:: RECORDS FOR PROCESSING ::
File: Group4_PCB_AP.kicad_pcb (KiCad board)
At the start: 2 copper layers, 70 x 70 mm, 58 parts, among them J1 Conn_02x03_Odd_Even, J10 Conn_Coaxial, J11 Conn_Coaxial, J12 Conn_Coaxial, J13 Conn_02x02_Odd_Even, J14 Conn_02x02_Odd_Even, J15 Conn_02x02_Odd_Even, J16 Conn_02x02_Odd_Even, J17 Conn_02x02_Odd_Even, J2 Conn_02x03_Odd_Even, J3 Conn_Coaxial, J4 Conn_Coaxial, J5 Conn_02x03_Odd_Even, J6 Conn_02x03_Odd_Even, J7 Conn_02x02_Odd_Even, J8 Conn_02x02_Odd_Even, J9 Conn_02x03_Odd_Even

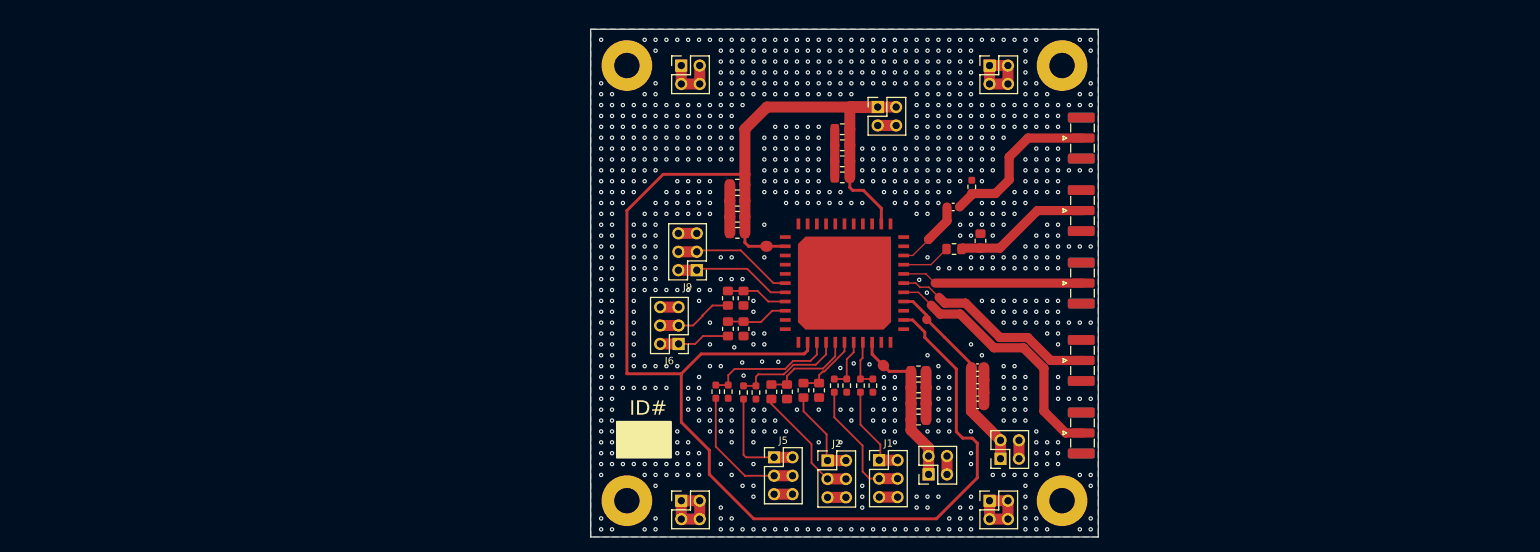
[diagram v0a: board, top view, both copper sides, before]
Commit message: Creating PCB copy in layout
Created PCB layout and tied all the components to the respective components in schematic view.
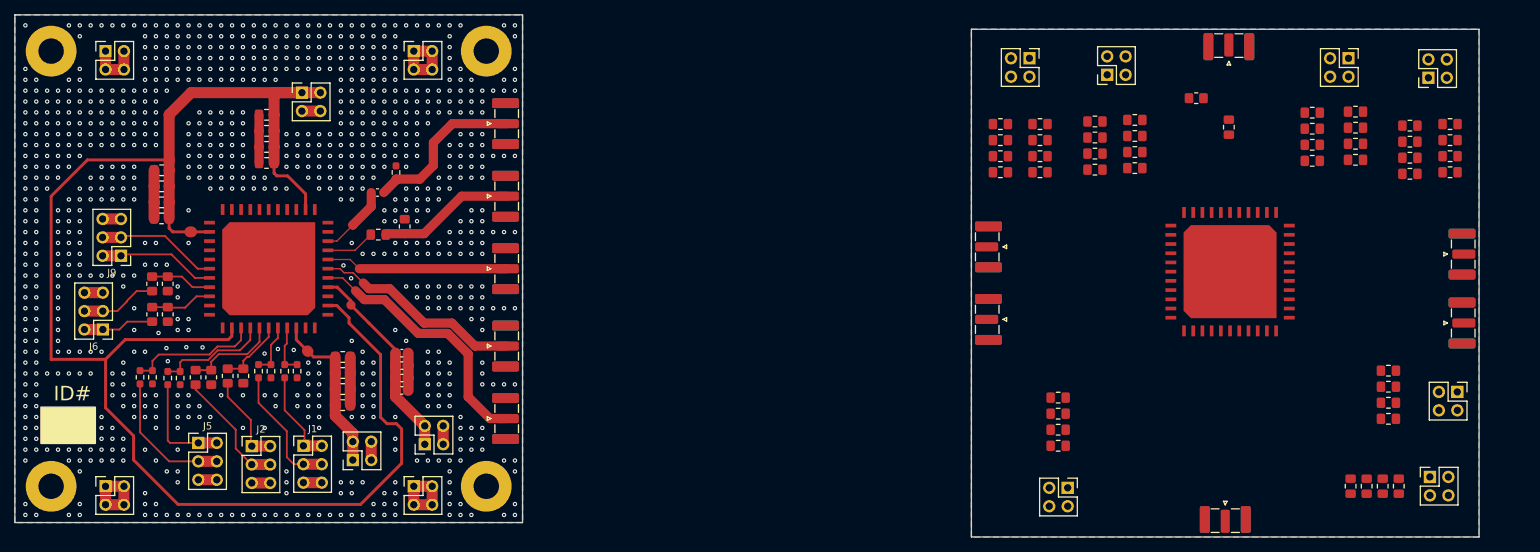
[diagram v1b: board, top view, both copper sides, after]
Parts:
- added C19: 1n, Capacitor_SMD:C_0805_2012Metric_Pad1.18x1.45mm_HandSolder, F.Cu at (208.0, 76.0)
- added C20: 22p, Capacitor_SMD:C_0805_2012Metric_Pad1.18x1.45mm_HandSolder, F.Cu at (231.4, 125.5)
- added C21: 2.2n, Capacitor_SMD:C_0805_2012Metric_Pad1.18x1.45mm_HandSolder, F.Cu at (229.2, 125.5)
- added C22: 0.22u, Capacitor_SMD:C_0805_2012Metric_Pad1.18x1.45mm_HandSolder, F.Cu at (227.0, 125.5)
- added C23: 22u, Capacitor_SMD:C_0805_2012Metric_Pad1.18x1.45mm_HandSolder, F.Cu at (224.8, 125.5)
- added C24: 22p, Capacitor_SMD:C_0805_2012Metric_Pad1.18x1.45mm_HandSolder, F.Cu at (230.0, 116.2)
- added C25: 2.2n, Capacitor_SMD:C_0805_2012Metric_Pad1.18x1.45mm_HandSolder, F.Cu at (230.0, 114.0)
- added C26: 0.22u, Capacitor_SMD:C_0805_2012Metric_Pad1.18x1.45mm_HandSolder, F.Cu at (230.0, 111.8)
- added C27: 22u, Capacitor_SMD:C_0805_2012Metric_Pad1.18x1.45mm_HandSolder, F.Cu at (230.0, 109.6)
- added C28: 22p, Capacitor_SMD:C_0805_2012Metric_Pad1.18x1.45mm_HandSolder, F.Cu at (176.5, 82.2)
- added C29: 22p, Capacitor_SMD:C_0805_2012Metric_Pad1.18x1.45mm_HandSolder, F.Cu at (182.0, 75.6)
- added C30: 2.2n, Capacitor_SMD:C_0805_2012Metric_Pad1.18x1.45mm_HandSolder, F.Cu at (176.5, 80.0)
- added C31: 2.2n, Capacitor_SMD:C_0805_2012Metric_Pad1.18x1.45mm_HandSolder, F.Cu at (182.0, 77.8)
- added C32: 0.22u, Capacitor_SMD:C_0805_2012Metric_Pad1.18x1.45mm_HandSolder, F.Cu at (176.5, 77.8)
- added C33: 0.22u, Capacitor_SMD:C_0805_2012Metric_Pad1.18x1.45mm_HandSolder, F.Cu at (182.0, 80.0)
- added C34: 22u, Capacitor_SMD:C_0805_2012Metric_Pad1.18x1.45mm_HandSolder, F.Cu at (176.5, 75.6)
- added C35: 22u, Capacitor_SMD:C_0805_2012Metric_Pad1.18x1.45mm_HandSolder, F.Cu at (182.0, 82.2)
- added C36: 22p, Capacitor_SMD:C_0805_2012Metric_Pad1.18x1.45mm_HandSolder, F.Cu at (189.5, 81.9)
- added C37: 22p, Capacitor_SMD:C_0805_2012Metric_Pad1.18x1.45mm_HandSolder, F.Cu at (195.0, 75.0)
- added C38: 2.2n, Capacitor_SMD:C_0805_2012Metric_Pad1.18x1.45mm_HandSolder, F.Cu at (189.5, 79.6)
- added C39: 2.2n, Capacitor_SMD:C_0805_2012Metric_Pad1.18x1.45mm_HandSolder, F.Cu at (195.0, 77.2)
- added C40: 0.22u, Capacitor_SMD:C_0805_2012Metric_Pad1.18x1.45mm_HandSolder, F.Cu at (189.5, 77.4)
- added C41: 0.22u, Capacitor_SMD:C_0805_2012Metric_Pad1.18x1.45mm_HandSolder, F.Cu at (195.0, 79.4)
- added C42: 22u, Capacitor_SMD:C_0805_2012Metric_Pad1.18x1.45mm_HandSolder, F.Cu at (189.5, 75.2)
- added C43: 22u, Capacitor_SMD:C_0805_2012Metric_Pad1.18x1.45mm_HandSolder, F.Cu at (195.0, 81.6)
- added C44: 22p, Capacitor_SMD:C_0805_2012Metric_Pad1.18x1.45mm_HandSolder, F.Cu at (233.0, 82.4)
- added C45: 22p, Capacitor_SMD:C_0805_2012Metric_Pad1.18x1.45mm_HandSolder, F.Cu at (238.5, 75.6)
- added C46: 2.2n, Capacitor_SMD:C_0805_2012Metric_Pad1.18x1.45mm_HandSolder, F.Cu at (233.0, 80.2)
- added C47: 2.2n, Capacitor_SMD:C_0805_2012Metric_Pad1.18x1.45mm_HandSolder, F.Cu at (238.5, 77.8)
- added C48: 0.22u, Capacitor_SMD:C_0805_2012Metric_Pad1.18x1.45mm_HandSolder, F.Cu at (233.0, 78.0)
- added C49: 0.22u, Capacitor_SMD:C_0805_2012Metric_Pad1.18x1.45mm_HandSolder, F.Cu at (238.5, 80.0)
- added C50: 22u, Capacitor_SMD:C_0805_2012Metric_Pad1.18x1.45mm_HandSolder, F.Cu at (233.0, 75.8)
- added C51: 22u, Capacitor_SMD:C_0805_2012Metric_Pad1.18x1.45mm_HandSolder, F.Cu at (238.5, 82.2)
- added C52: 22p, Capacitor_SMD:C_0805_2012Metric_Pad1.18x1.45mm_HandSolder, F.Cu at (219.5, 80.6)
- added C53: 22p, Capacitor_SMD:C_0805_2012Metric_Pad1.18x1.45mm_HandSolder, F.Cu at (225.5, 73.9)
- added C54: 2.2n, Capacitor_SMD:C_0805_2012Metric_Pad1.18x1.45mm_HandSolder, F.Cu at (219.5, 78.4)
- added C55: 2.2n, Capacitor_SMD:C_0805_2012Metric_Pad1.18x1.45mm_HandSolder, F.Cu at (225.5, 76.1)
- added C56: 0.22u, Capacitor_SMD:C_0805_2012Metric_Pad1.18x1.45mm_HandSolder, F.Cu at (219.5, 76.2)
- added C57: 0.22u, Capacitor_SMD:C_0805_2012Metric_Pad1.18x1.45mm_HandSolder, F.Cu at (225.5, 78.3)
- added C58: 22u, Capacitor_SMD:C_0805_2012Metric_Pad1.18x1.45mm_HandSolder, F.Cu at (219.5, 74.0)
- added C59: 22u, Capacitor_SMD:C_0805_2012Metric_Pad1.18x1.45mm_HandSolder, F.Cu at (225.5, 80.5)
- added C60: 22p, Capacitor_SMD:C_0805_2012Metric_Pad1.18x1.45mm_HandSolder, F.Cu at (184.5, 119.9)
- added C61: 2.2n, Capacitor_SMD:C_0805_2012Metric_Pad1.18x1.45mm_HandSolder, F.Cu at (184.5, 117.7)
- added C62: 0.22u, Capacitor_SMD:C_0805_2012Metric_Pad1.18x1.45mm_HandSolder, F.Cu at (184.5, 115.5)
- added C63: 22u, Capacitor_SMD:C_0805_2012Metric_Pad1.18x1.45mm_HandSolder, F.Cu at (184.5, 113.3)
- added J18: Conn_Coaxial, Connector_Coaxial:SMA_Samtec_SMA-J-P-H-ST-EM1_EdgeMount, F.Cu at (208.0, 64.7)
- added J19: Conn_Coaxial, Connector_Coaxial:SMA_Samtec_SMA-J-P-H-ST-EM1_EdgeMount, F.Cu at (207.5, 130.3)
- added J20: Conn_02x02_Odd_Even, Connector_PinHeader_2.54mm:PinHeader_2x02_P2.54mm_Vertical, F.Cu at (235.7, 124.2)
- added J21: Conn_02x02_Odd_Even, Connector_PinHeader_2.54mm:PinHeader_2x02_P2.54mm_Vertical, F.Cu at (239.5, 112.5)
- added J22: Conn_Coaxial, Connector_Coaxial:SMA_Samtec_SMA-J-P-H-ST-EM1_EdgeMount, F.Cu at (240.4, 103.0)
- added J23: Conn_Coaxial, Connector_Coaxial:SMA_Samtec_SMA-J-P-H-ST-EM1_EdgeMount, F.Cu at (240.4, 93.5)
- added J24: Conn_02x02_Odd_Even, Connector_PinHeader_2.54mm:PinHeader_2x02_P2.54mm_Vertical, F.Cu at (180.5, 66.5)
- added J25: Conn_02x02_Odd_Even, Connector_PinHeader_2.54mm:PinHeader_2x02_P2.54mm_Vertical, F.Cu at (191.2, 68.8)
- added J26: Conn_02x02_Odd_Even, Connector_PinHeader_2.54mm:PinHeader_2x02_P2.54mm_Vertical, F.Cu at (235.5, 69.2)
- added J27: Conn_02x02_Odd_Even, Connector_PinHeader_2.54mm:PinHeader_2x02_P2.54mm_Vertical, F.Cu at (224.5, 66.5)
- added J28: Conn_02x02_Odd_Even, Connector_PinHeader_2.54mm:PinHeader_2x02_P2.54mm_Vertical, F.Cu at (185.8, 125.7)
- added J29: Conn_Coaxial, Connector_Coaxial:SMA_Samtec_SMA-J-P-H-ST-EM1_EdgeMount, F.Cu at (174.6, 92.5)
- added J30: Conn_Coaxial, Connector_Coaxial:SMA_Samtec_SMA-J-P-H-ST-EM1_EdgeMount, F.Cu at (174.6, 102.5)
- added R19: 51, Resistor_SMD:R_0805_2012Metric_Pad1.20x1.40mm_HandSolder, F.Cu at (203.5, 72.0)
- added U1: ~, CCJ04403:CCJ04403, F.Cu at (208.2, 95.9)
- moved C10 79.4 mm to (85.8, 114.3)
- moved C7 79.4 mm to (85.8, 107.7)
- moved C8 79.4 mm to (85.8, 109.9)
- moved C9 79.4 mm to (85.8, 112.1)
- moved R10 79.4 mm to (94.4, 89.7)
- moved R15 79.4 mm to (61.7, 101.8)
- moved R17 79.4 mm to (61.7, 97.6)
- moved R3 79.4 mm to (74.2, 109.6)
- moved R4 79.4 mm to (75.9, 109.6)
- moved R6 79.4 mm to (72.1, 110.3)
- moved R8 79.4 mm to (67.7, 110.5)
- moved R9 79.4 mm to (93.2, 82.2)
- moved ? 79.4 mm to (45.6, 125.5)
- moved ? 79.4 mm to (108.1, 63.0)
- moved ? 79.4 mm to (105.6, 125.5)
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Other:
- board size 70 x 70 mm -> 201.9 x 72 mm

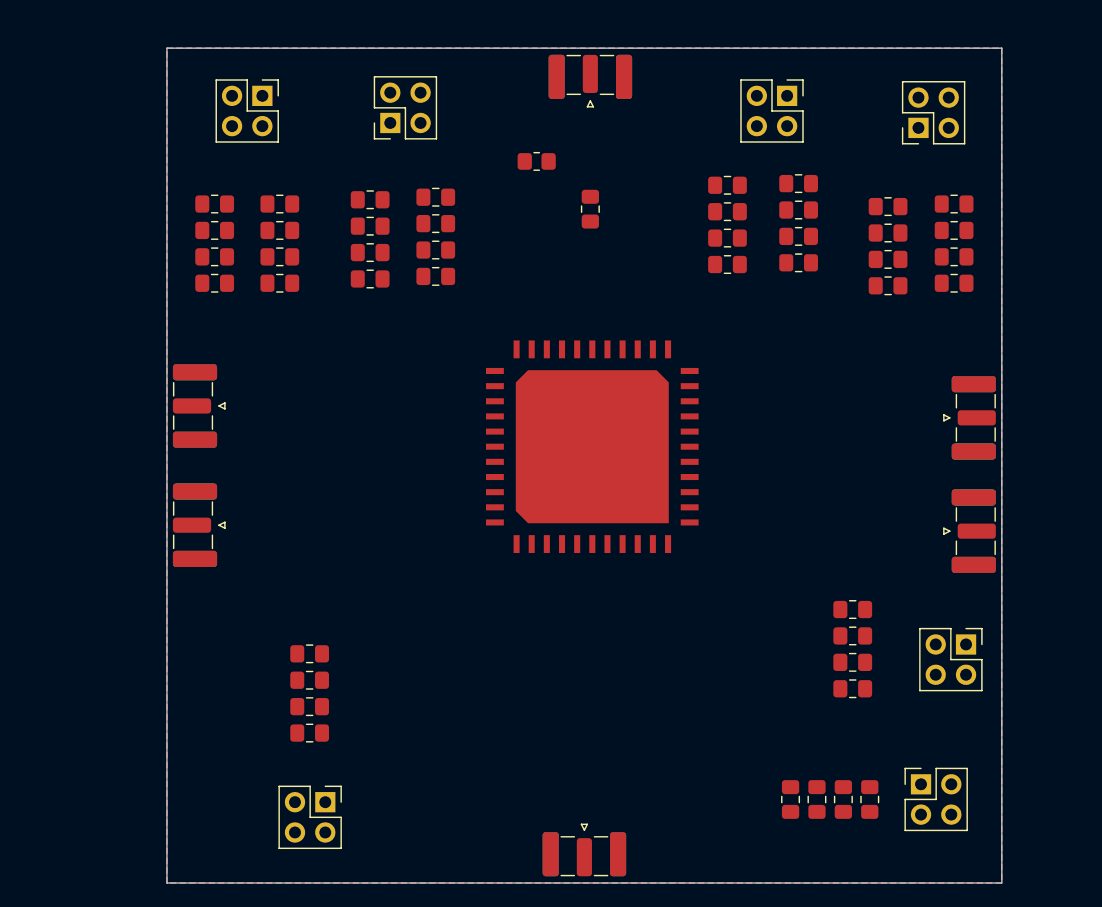
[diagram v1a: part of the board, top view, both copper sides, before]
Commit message: Reorganized layout
Reorganized layout and updated nets and chip symbol to reflect proper pinout
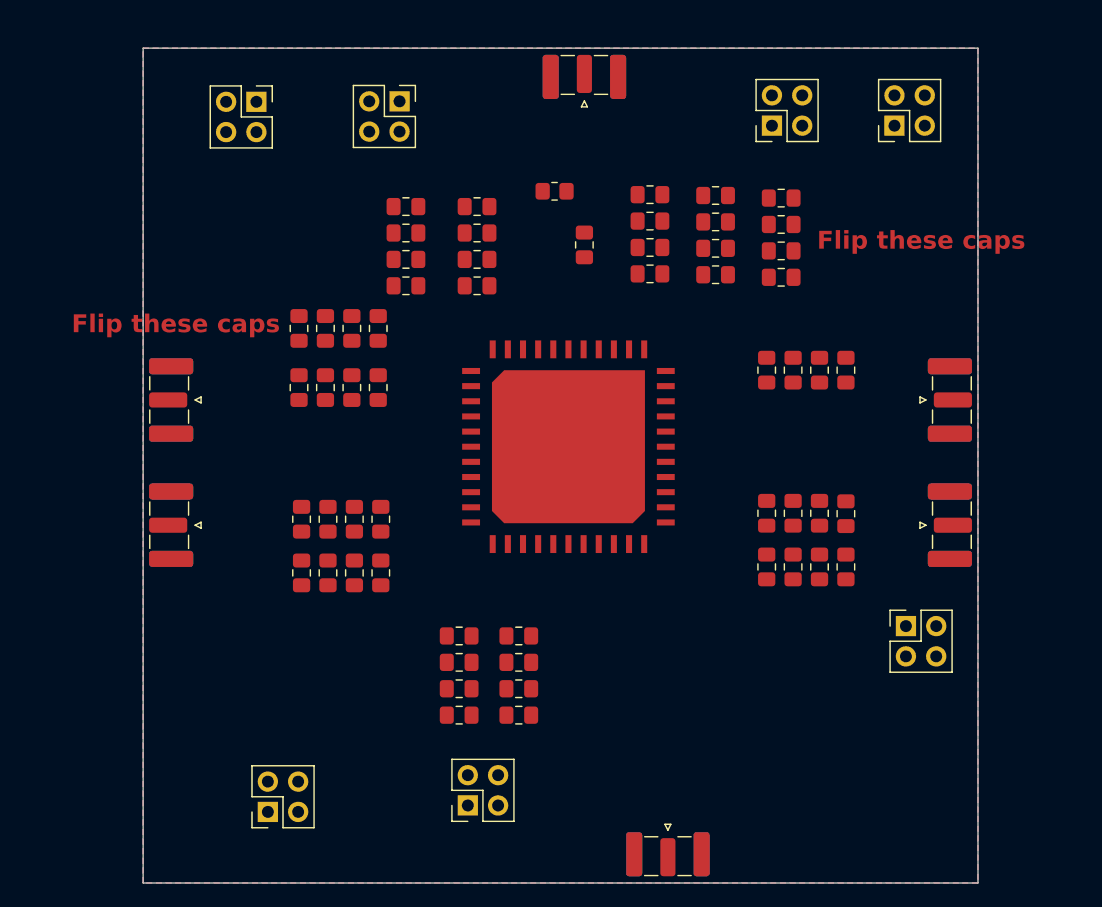
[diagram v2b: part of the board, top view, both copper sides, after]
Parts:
- added C64: 22p, Capacitor_SMD:C_0805_2012Metric_Pad1.18x1.45mm_HandSolder, F.Cu at (222.8, 106.0)
- added C65: 22p, Capacitor_SMD:C_0805_2012Metric_Pad1.18x1.45mm_HandSolder, F.Cu at (183.6, 91.0)
- added C66: 2.2n, Capacitor_SMD:C_0805_2012Metric_Pad1.18x1.45mm_HandSolder, F.Cu at (225.0, 106.0)
- added C67: 2.2n, Capacitor_SMD:C_0805_2012Metric_Pad1.18x1.45mm_HandSolder, F.Cu at (185.8, 91.0)
- added C68: 0.22u, Capacitor_SMD:C_0805_2012Metric_Pad1.18x1.45mm_HandSolder, F.Cu at (227.2, 106.0)
- added C69: 0.22u, Capacitor_SMD:C_0805_2012Metric_Pad1.18x1.45mm_HandSolder, F.Cu at (188.0, 91.0)
- added C70: 22u, Capacitor_SMD:C_0805_2012Metric_Pad1.18x1.45mm_HandSolder, F.Cu at (229.4, 106.0)
- added C71: 22u, Capacitor_SMD:C_0805_2012Metric_Pad1.18x1.45mm_HandSolder, F.Cu at (190.2, 91.0)
- added C72: 22p, Capacitor_SMD:C_0805_2012Metric_Pad1.18x1.45mm_HandSolder, F.Cu at (197.0, 111.8)
- added C73: 2.2n, Capacitor_SMD:C_0805_2012Metric_Pad1.18x1.45mm_HandSolder, F.Cu at (197.0, 114.0)
- added C74: 0.22u, Capacitor_SMD:C_0805_2012Metric_Pad1.18x1.45mm_HandSolder, F.Cu at (197.0, 116.2)
- added C75: 22u, Capacitor_SMD:C_0805_2012Metric_Pad1.18x1.45mm_HandSolder, F.Cu at (197.0, 118.4)
- moved J24 60.0 mm to (181.0, 126.5), turned to 90 degrees
- moved C45 55.9 mm to (183.6, 86.0), turned to 90 degrees
- moved C47 53.4 mm to (185.8, 86.0), turned to 90 degrees
- moved C49 50.9 mm to (188.0, 86.0), turned to 90 degrees
- moved C51 48.4 mm to (190.2, 86.0), turned to 90 degrees
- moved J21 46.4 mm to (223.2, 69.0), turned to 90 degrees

:: DIRECTIONS FOR THIS TASK ::
The response must match the data line for line, from its first line through the line with "at (230.0, 111.8)", inclusive, and must leave out the pictures.

:: SOLVED EXERCISE ::
File: Group4_PCB_AP.kicad_pcb (KiCad board)
At the start: 2 copper layers, 70 x 70 mm, 58 parts, among them J1 Conn_02x03_Odd_Even, J10 Conn_Coaxial, J11 Conn_Coaxial, J12 Conn_Coaxial, J13 Conn_02x02_Odd_Even, J14 Conn_02x02_Odd_Even, J15 Conn_02x02_Odd_Even, J16 Conn_02x02_Odd_Even, J17 Conn_02x02_Odd_Even, J2 Conn_02x03_Odd_Even, J3 Conn_Coaxial, J4 Conn_Coaxial, J5 Conn_02x03_Odd_Even, J6 Conn_02x03_Odd_Even, J7 Conn_02x02_Odd_Even, J8 Conn_02x02_Odd_Even, J9 Conn_02x03_Odd_Even

[diagram v0a: board, top view, both copper sides, before]
Commit message: Creating PCB copy in layout
Created PCB layout and tied all the components to the respective components in schematic view.
[diagram v1b: board, top view, both copper sides, after]
Parts:
- added C19: 1n, Capacitor_SMD:C_0805_2012Metric_Pad1.18x1.45mm_HandSolder, F.Cu at (208.0, 76.0)
- added C20: 22p, Capacitor_SMD:C_0805_2012Metric_Pad1.18x1.45mm_HandSolder, F.Cu at (231.4, 125.5)
- added C21: 2.2n, Capacitor_SMD:C_0805_2012Metric_Pad1.18x1.45mm_HandSolder, F.Cu at (229.2, 125.5)
- added C22: 0.22u, Capacitor_SMD:C_0805_2012Metric_Pad1.18x1.45mm_HandSolder, F.Cu at (227.0, 125.5)
- added C23: 22u, Capacitor_SMD:C_0805_2012Metric_Pad1.18x1.45mm_HandSolder, F.Cu at (224.8, 125.5)
- added C24: 22p, Capacitor_SMD:C_0805_2012Metric_Pad1.18x1.45mm_HandSolder, F.Cu at (230.0, 116.2)
- added C25: 2.2n, Capacitor_SMD:C_0805_2012Metric_Pad1.18x1.45mm_HandSolder, F.Cu at (230.0, 114.0)
- added C26: 0.22u, Capacitor_SMD:C_0805_2012Metric_Pad1.18x1.45mm_HandSolder, F.Cu at (230.0, 111.8)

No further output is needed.